Some people use the trunk because they like the extra space up front and I once had a stack of envelopes tip towards me while driving, I am curious how going to the trunk is for you guys. Is it tedius? Not so bad?

Also a reminder to check in when you arrive. I was sorting my packages today and realized I had not scanned anything or checked in on nthe app. Was four minutes after block start, such a close one.


----------



## Sweitzeram (Mar 26, 2016)

I must commend you on totally owning the fact that you do whatever it takes to do as little work as possible. The not putting packages in the trunk and saying your full is a good one. I do use the trunk and only put big packages in the back seat.. To me it seems like it would be more difficult to find packages in the back seat as opposed to the trunk?


----------



## Sweitzeram (Mar 26, 2016)

My typical set up in most packages in the trunk, envelopes and such on the pax seat and big packages in the back seat with the label facing where I can see it easily.. When I deliver I will have the package being delivered in the front seat, scan it and mark it as delivered and look if the next package is one of the envelopes. If it's not I pop the trunk on the way to the door to drop off the package I'm delivering and grab the next one out of the trunk on my way back and put it up front with me.. Rinse and repeat.


----------



## GMan01 (Aug 6, 2016)

Shangsta said:


> Do you guys with four door sedans put boxes in your trunk? I do not because I put my car seat back there but I use my passenger seat to get a reasonanle amount of boxes. Once I fill the back seat and passenger I tell the warehouse folks I am full.
> 
> Some people use the trunk because they like the extra space up front and I once had a stack of envelopes tip towards me while driving, I am curious how going to the trunk is for you guys. Is it tedius? Not so bad?
> 
> Also a reminder to check in when you arrive. I was sorting my packages today and realized I had not scanned anything or checked in on nthe app. Was four minutes after block start, such a close one.


Y'all got it "sweet" in Seattle! That bird don't fly in Texas!


----------



## GMan01 (Aug 6, 2016)

Sweitzeram said:


> My typical set up in most packages in the trunk, envelopes and such on the pax seat and big packages in the back seat with the label facing where I can see it easily.. When I deliver I will have the package being delivered in the front seat, scan it and mark it as delivered and look if the next package is one of the envelopes. If it's not I pop the trunk on the way to the door to drop off the package I'm delivering and grab the next one out of the trunk on my way back and put it up front with me.. Rinse and repeat.


That's exactly how I do it but l also put mine in alphabetical order


----------



## Shangsta (Aug 15, 2016)

Sweitzeram said:


> My typical set up in most packages in the trunk, envelopes and such on the pax seat and big packages in the back seat with the label facing where I can see it easily.. When I deliver I will have the package being delivered in the front seat, scan it and mark it as delivered and look if the next package is one of the envelopes.
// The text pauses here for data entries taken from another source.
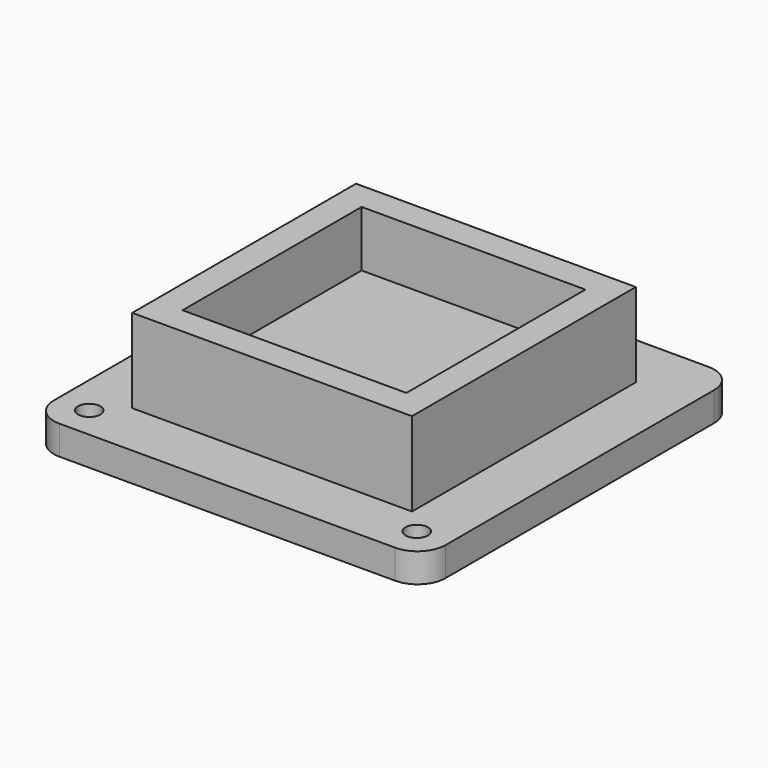
from build123d import *

# Parameters (mm, degrees)
F0_W     = 70
F0_H     = 70
F1_DEPTH = 5.2
F2_W     = 50
F2_H     = 50
F3_DEPTH = 15
F4_R     = 5
F5_R     = 2
F6_DEPTH = 2.7
F8_W     = 40
F8_H     = 40
F9_DEPTH = 10


# Not quite as in the source:
# - a feature names something its author has since deleted; it is built from what else it names


with BuildPart() as f1:
    # F0 (on Top) → F1 (new body)
    with BuildSketch(Plane.XY):
        Rectangle(F0_W, F0_H)
    extrude(amount=F1_DEPTH)

    # F2 (on face) → F3 (join)
    with BuildSketch(Plane.XY.offset(5.2)):
        Rectangle(F2_W, F2_H)
    extrude(amount=F3_DEPTH)

    # F4
    f4_edges = [f1.edges().sort_by_distance(p)[0] for p in [
        (-35, 35, 2.6),
        (35, 35, 2.6),
        (35, -35, 2.6),
        (-35, -35, 2.6),
    ]]
    fillet(f4_edges, radius=F4_R)

    # F5 (on face) → F6 (cut)
    with BuildSketch(Plane.XY.offset(5.2)):
        with Locations((-29, 29)):
            Circle(F5_R)
        with Locations((29.267766953, -29.267766953)):
            Circle(F5_R)
        with Locations((-29.267766953, -29.267766953)):
            Circle(F5_R)
    extrude(amount=-F6_DEPTH, mode=Mode.SUBTRACT)

    # F8 (on face) → F9 (cut)
    with BuildSketch(Plane.XY.offset(20.2)):
        Rectangle(F8_W, F8_H)
    extrude(amount=-F9_DEPTH, mode=Mode.SUBTRACT)


solid = f1.part

If it's not I pop the trunk on the way to the door to drop off the package I'm delivering and grab the next one out of the trunk on my way back and put it up front with me.. Rinse and repeat.


So what I do is put my passenger seat up. I will put one region of packages on the left rear seat, one on the center rear, one on the right rear and then one on the floor of the right seat and one on the floor of the left seat.

I make sure the passenger seat ones are first out, then I move the next batch to the passenger seat once the first ones are out. By keeping them in the passenger I can scan them from my car, run out and make the delivery which helps on hot or cold days. When I started I hated having to run to the otherside, remember I forgot to unlock the door and run back over.

The key is to keep your car running whenit is safe.


----------



## Shangsta (Aug 15, 2016)

GMan01 said:


> That's exactly how I do it but l also put mine in alphabetical order


I have not done alphabetical order yet. Do you sort by number and then alphabetical or alphabetical only?


----------



## GMan01 (Aug 6, 2016)

Shangsta said:


> So what I do is put my passenger seat up. I will put one region of packages on the left rear seat, one on the center rear, one on the right rear and then one on the floor of the right seat and one on the floor of the left seat.
> 
> I make sure the passenger seat ones are first out, then I move the next batch to the passenger seat once the first ones are out. By keeping them in the passenger I can scan them from my car, run out and make the delivery which helps on hot or cold days. When I started I hated having to run to the otherside, remember I forgot to unlock the door and run back over.
> 
> The key is to keep your car running whenit is safe.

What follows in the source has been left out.